Pria itu mebuka pintu dengan kasar.

Di depannya ada Alistar yang sedang membaca buku di sebuah sofa di dekat perapian.

“Kamu terlihat sehat Bos?” tanyanya.

“Karena bukan saya yang sakit!”

Pria itu adalah Thomi seorang dokter pribadi milik Alistar, keluarga Thomi sudah lima generasi melayani keluarganya.

“Rion?”

“Bukan”

Thomi mengerutkan dahinya.

“Jadi, siapa yang sakit?”

“Dia.” Melirik wanita yang berbaring di kasur.

Thomi melihat Seina dia berjalan mendekat ke arahnya.

Wajahnya terlihat sangat pucat, Thomi memeriksanya lalu menghela nafas.

‘Dia hanya demam bukan korban kecelakaan.

“Dia hanya demam.” ujarnya.

“Baiklah, kamu boleh pergi.”

Thomi memandang Alistar tidak percaya, di tengah malam dia mentelepon dengan alasan sakit parah secara mendadak, dia bahkan harus meninggalkan istrinya yang sedang marah hanya karena mendapat pesan darinya.

‘Hanya itu?'

“Kamu bisa pergi.” sambungnya.

Thomi tersenyum formalitas.

“Baik, saya meninggalkan obat penurun demam di meja, minumlah tiga kali sehari, saya pamit.”

Thomi pergi dengan menahan kesal.

Alistar langsung mengirim pesan ke asistennya.

Tidak lama kemudian Rion masuk, Alistar melepas kacamatanya dan meletakan bukunya di meja.

“Bos kami tidak dapat menemukan informasi tentang wanita itu.” ujar Rion.

“Bisa jadi dia mata-mata perusahaan.” ucap Alistar.

“Mungkin saja Bos, apa lagi map amplop yang terakhir bersamanya tidak ditemukan” jelasnya.

Alistar berpikir sejenak. “Cari terus informasi tentang wanita itu.” 

Berdiri lalu keluar diikuti dengan Rion. “Awasi terus dia dan suruh pelayan untuk mengawasinya, jangan sampai dia kabur.”

“Baik Bos.”

Seina terbangun di tengah malam, melihat sekeliling ruangan yang didominasi warna putih.

Di sampingnya ada seorang wanita yang sedang tidur di sofa.

Merasakan perutnya lapar dia perlahan turun, sebisa mungkin untuk tidak membuat suara agar tidak mengganggu tidur wanita itu.

Membuka pintu dan berjalan keluar, Seina menatap ke segala arah seperti anak kecil yang penuh rasa penasaran.

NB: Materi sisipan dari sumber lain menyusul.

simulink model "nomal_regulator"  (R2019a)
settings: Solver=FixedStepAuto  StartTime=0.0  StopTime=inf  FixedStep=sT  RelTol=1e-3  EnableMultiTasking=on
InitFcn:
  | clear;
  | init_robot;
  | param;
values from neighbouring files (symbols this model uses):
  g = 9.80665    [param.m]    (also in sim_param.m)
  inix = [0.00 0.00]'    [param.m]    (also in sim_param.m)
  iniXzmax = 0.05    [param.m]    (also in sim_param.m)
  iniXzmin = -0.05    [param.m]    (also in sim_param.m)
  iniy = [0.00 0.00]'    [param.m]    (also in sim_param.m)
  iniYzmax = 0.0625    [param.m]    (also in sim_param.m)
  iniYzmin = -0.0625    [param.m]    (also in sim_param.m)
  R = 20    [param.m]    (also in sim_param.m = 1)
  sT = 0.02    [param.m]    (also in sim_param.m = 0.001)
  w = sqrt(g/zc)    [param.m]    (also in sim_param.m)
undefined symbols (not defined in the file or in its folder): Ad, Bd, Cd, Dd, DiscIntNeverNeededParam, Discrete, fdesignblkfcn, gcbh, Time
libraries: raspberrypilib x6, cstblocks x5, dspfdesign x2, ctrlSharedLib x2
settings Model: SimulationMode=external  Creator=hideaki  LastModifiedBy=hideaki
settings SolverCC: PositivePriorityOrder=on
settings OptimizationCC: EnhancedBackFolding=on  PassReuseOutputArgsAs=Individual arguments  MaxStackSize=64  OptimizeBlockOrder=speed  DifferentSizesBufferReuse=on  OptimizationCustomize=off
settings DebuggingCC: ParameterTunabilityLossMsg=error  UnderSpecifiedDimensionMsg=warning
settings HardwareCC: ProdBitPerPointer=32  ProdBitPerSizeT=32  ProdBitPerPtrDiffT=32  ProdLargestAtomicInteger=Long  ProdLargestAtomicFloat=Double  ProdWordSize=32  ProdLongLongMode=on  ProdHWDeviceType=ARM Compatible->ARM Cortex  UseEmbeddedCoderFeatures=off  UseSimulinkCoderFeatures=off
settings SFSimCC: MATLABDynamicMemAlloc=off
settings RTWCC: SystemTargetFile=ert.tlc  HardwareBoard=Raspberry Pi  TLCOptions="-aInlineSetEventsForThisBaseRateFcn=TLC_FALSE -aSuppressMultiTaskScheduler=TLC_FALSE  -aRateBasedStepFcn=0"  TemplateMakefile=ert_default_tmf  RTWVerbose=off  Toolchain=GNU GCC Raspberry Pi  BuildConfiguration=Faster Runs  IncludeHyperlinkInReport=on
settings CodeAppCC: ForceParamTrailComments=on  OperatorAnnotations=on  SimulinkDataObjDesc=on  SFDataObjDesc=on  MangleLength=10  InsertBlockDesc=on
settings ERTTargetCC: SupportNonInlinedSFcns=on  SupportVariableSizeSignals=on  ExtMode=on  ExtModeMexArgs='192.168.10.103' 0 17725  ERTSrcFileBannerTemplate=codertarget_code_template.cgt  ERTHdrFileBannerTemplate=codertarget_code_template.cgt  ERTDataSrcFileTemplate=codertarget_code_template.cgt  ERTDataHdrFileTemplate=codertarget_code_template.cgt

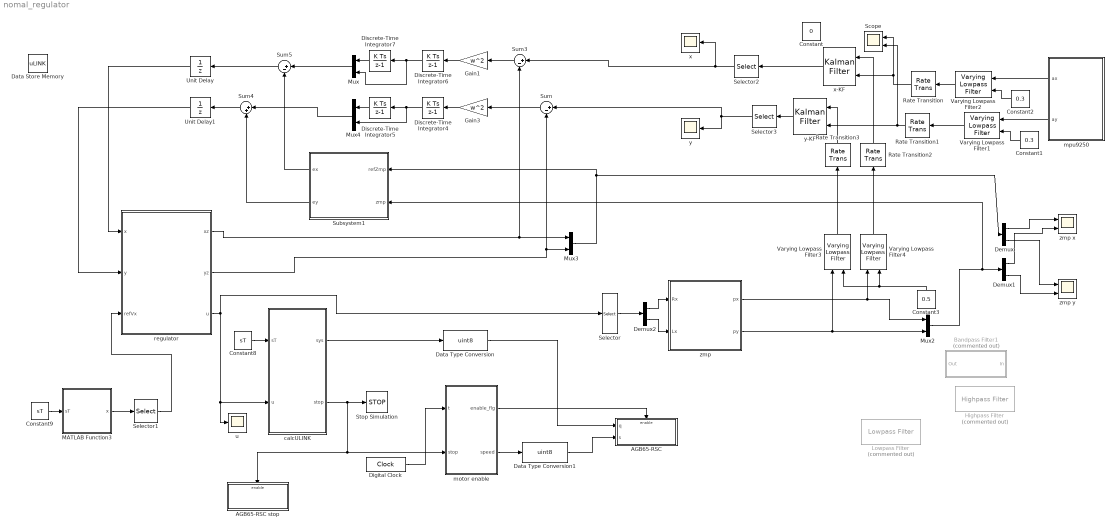
== system nomal_regulator ==
  AGB65-RSC : Subsystem  TreatAsAtomicUnit=on
  AGB65-RSC stop : Subsystem  TreatAsAtomicUnit=on
  Bandpass Filter1 : Subsystem  Commented=on  DialogController=fdesignblkfcn  InitFcn=fdesignblkfcn(gcbh, {'InitFcn'});  mask(Bandpass Filter){}
      mask help: Design a bandpass filter
      settings: CopyFcn=fdesignblkfcn(gcbh, {'CopyFcn'});
      mask Help: helpview(mapfilelocation('dsp'), 'dspbandpassfilter');
      mask Display: disp('Bandpass');
  Constant : Constant  Value=0
  Constant1 : Constant  Value=0.3
  Constant2 : Constant  Value=0.3
  Constant3 : Constant  Value=0.5
  Constant8 : Constant  Value=sT
  Constant9 : Constant  Value=sT
  Data Store Memory : DataStoreMemory  DataStoreName=uLINK  ReadBeforeWriteMsg=warning  WriteAfterWriteMsg=warning  WriteAfterReadMsg=warning  InitialValue=uLINK  ShowAdditionalParam=off  OutDataTypeStr=Bus: ULINK  Dimensions=[15 1]
  Data Type Conversion : DataTypeConversion  OutDataTypeStr=uint8
  Data Type Conversion1 : DataTypeConversion  OutDataTypeStr=uint8
  Demux : Demux  Outputs=2
  Demux1 : Demux  Outputs=2
  Demux2 : Demux  Outputs=2
  Digital Clock : DigitalClock  SampleTime=sT
  Discrete-Time Integrator{4..7} (4 alike) : DiscreteIntegrator  gainval=1  SampleTime=-1  ICPrevOutput=DiscIntNeverNeededParam  ICPrevScaledInput=DiscIntNeverNeededParam
  Gain1 : Gain  Gain=w^2
  Gain3 : Gain  Gain=w^2
  Highpass Filter : dspfdesign/Highpass Filter  Commented=on  FilterType=FIR  DesignForMinimumOrder=on  FilterOrder=50  StopbandFrequency=8e3  PassbandFrequency=12e3  StopbandAttenuation=80  PassbandRipple=0.1  InheritSampleRate=off  SampleRate=44100  SimulateUsing=Interpreted execution  roundingMode=Floor  coeffsDataTypeStr=fixdt(1,16)
      settings: SourceProductName=DSP System Toolbox
  Lowpass Filter : dspfdesign/Lowpass Filter  Commented=on  FilterType=FIR  DesignForMinimumOrder=on  FilterOrder=50  PassbandFrequency=8e3  StopbandFrequency=12e3  PassbandRipple=0.1  StopbandAttenuation=80  InheritSampleRate=off  SampleRate=44100  SimulateUsing=Interpreted execution  roundingMode=Floor  coeffsDataTypeStr=fixdt(1,16)
  MATLAB Function3 : MATLAB Function  TreatAsAtomicUnit=on  SystemSampleTime=sT
  Mux{,2..4} (4 alike) : Mux  Inputs=2
  Rate Transition{,1..3} (4 alike) : RateTransition
  Scope : Scope  NumInputPorts=2
  Selector : Selector  InputPortWidth=8  IndexOptions=Index vector (dialog)  Indices=[3 6]  OutputSizes=1
  Selector1 : Selector  InputPortWidth=3  IndexOptions=Index vector (dialog)  Indices=[2]  OutputSizes=1
  Selector2 : Selector  InputPortWidth=2  IndexOptions=Index vector (dialog)  Indices=[1]  OutputSizes=1
  Selector3 : Selector  InputPortWidth=2  IndexOptions=Index vector (dialog)  Indices=[1]  OutputSizes=1
  Stop Simulation : Stop
  Subsystem1 : Subsystem
  Sum : Sum  Inputs=|+-
  Sum3 : Sum  Inputs=|+-
  Sum4 : Sum  Inputs=|++
  Sum5 : Sum  Inputs=|+-
  Unit Delay : UnitDelay  SampleTime=-1  HasFrameUpgradeWarning=on
  Unit Delay1 : UnitDelay  SampleTime=-1  HasFrameUpgradeWarning=on
  Varying Lowpass Filter{1..4} (4 alike) : cstblocks/Linear Parameter Varying/Varying Lowpass Filter  N=1
      settings: SourceProductName=Control System Toolbox
  calcULINK : MATLAB Function  TreatAsAtomicUnit=on
  motor enable : MATLAB Function  TreatAsAtomicUnit=on
  mpu9250 : Subsystem
  regulator : Subsystem
  u : Scope
  x : Scope
  x-KF : ctrlSharedLib/Kalman Filter  TimeDomain=Discrete-Time  UseCurrentEstimator=on  ModelSource=Individual A, B, C, D matrices  ModelSourceVariable=ss(0.95,1,1,0,1)  A=Ad  B=Bd  C=Cd  D=Dd  NumberOfStates=1  NumberOfInputs=1  NumberOfOutputs=1  InitialEstimateSource=Dialog  X0=inix  P0=[100 50]'  UseK=off  UseGH=off  NumberOfProcessNoiseInputs=1  G=[0 0]'  TimeInvariantG=on  H=10  TimeInvariantH=on  Q=Q  TimeInvariantQ=on  R=R  TimeInvariantR=on  N=0  TimeInvariantN=on  AddInputPort=on  AddEnablePort=off  OutputEstimatedY=off  OutputP=off  Ts=sT
      settings: SourceProductBaseCode=CT
  y : Scope
  y-KF : ctrlSharedLib/Kalman Filter  TimeDomain=Discrete-Time  UseCurrentEstimator=on  ModelSource=Individual A, B, C, D matrices  ModelSourceVariable=ss(0.95,1,1,0,1)  A=Ad  B=Bd  C=Cd  D=Dd  NumberOfStates=1  NumberOfInputs=1  NumberOfOutputs=1  InitialEstimateSource=Dialog  X0=iniy  P0=10  UseK=off  UseGH=off  NumberOfProcessNoiseInputs=1  G=[0 0]'  TimeInvariantG=on  H=10  TimeInvariantH=on  Q=Q  TimeInvariantQ=on  R=R  TimeInvariantR=on  N=0  TimeInvariantN=on  AddInputPort=on  AddEnablePort=off  OutputEstimatedY=off  OutputP=off  Ts=sT
      settings: SourceProductBaseCode=CT
  zmp : Subsystem
  zmp x : Scope  NumInputPorts=2
  zmp y : Scope  NumInputPorts=2
  wires:
  Constant8/1 -> calcULINK/1(sT)
  Constant9/1 -> MATLAB Function3/1(sT)
  mpu9250/1(ax) -> Varying Lowpass Filter2/1
  Digital Clock/1 -> motor enable/1(t)
  Data Type Conversion1/1 -> AGB65-RSC/2(s)
  motor enable/1(enable_flg) -> AGB65-RSC/Enable
  Data Type Conversion/1 -> AGB65-RSC/1(q)
  calcULINK/1(sys) -> Data Type Conversion/1
  motor enable/2(speed) -> Data Type Conversion1/1
  calcULINK/2(stop) -> AGB65-RSC stop/Enable, motor enable/2(stop), Stop Simulation/1
  regulator/3(u) -> u/1, calcULINK/2(u), Selector/1
  Mux2/1 -> Subsystem1/2(zmp), Demux1/1
  Selector/1 -> Demux2/1
  Sum5/1 -> Unit Delay/1
  Sum4/1 -> Unit Delay1/1
  Mux3/1 -> Demux/1, Subsystem1/1(refZmp)
  MATLAB Function3/1(x) -> Selector1/1
  Selector1/1 -> regulator/3(refVx)
  zmp/1(px) -> Varying Lowpass Filter4/1, Mux2/1
  zmp/2(py) -> Mux2/2, Varying Lowpass Filter3/1
  Demux2/1 -> zmp/1(Rx)
  Demux2/2 -> zmp/2(Lx)
  Varying Lowpass Filter2/1 -> Rate Transition/1
  Selector2/1 -> x/1, Sum3/1
  regulator/1(xz) -> Mux3/1, Sum3/2
  regulator/2(yz) -> Mux3/2, Sum/2
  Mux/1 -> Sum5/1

Melihat dinding kayu yang berwarna coklat dengan lukisan yang terpajang rapi.

Seina menuruni tangga samar-samar melihat ruangan yang luas dengan perabotan yang tertata rapi.

Tatapannya tertuju pada sebuah kulkas, langsung saja dia membukanya.

Matanya berbinar melihat isi kulkas di depannya.

Alistar melihat jam tangannya yang menunjukkan jam dua pagi.

Merengakan otot-ototnya yang terasa kaku setelah bekerja di depan layar komputer.

Setelah membereskan pekerjaannya Alistar keluar.

‘Apa ini.

Alistar melihat jejak kaki yang berwarna merah seperti darah.

Karena penasaran dia mengikuti jejak itu sampai dia mendengar suara tangisan seorang wanita.

Mendadak perasaan tidak enak muncul saat mengingat gosip para pelayan yang melihat hantu wanita.

Suara tangisan itu semakin jelas saat Alistar mendekat.

“Akh…tolong.”

Alistar langsung menyalakan lampunya melihat televisi yang menyala.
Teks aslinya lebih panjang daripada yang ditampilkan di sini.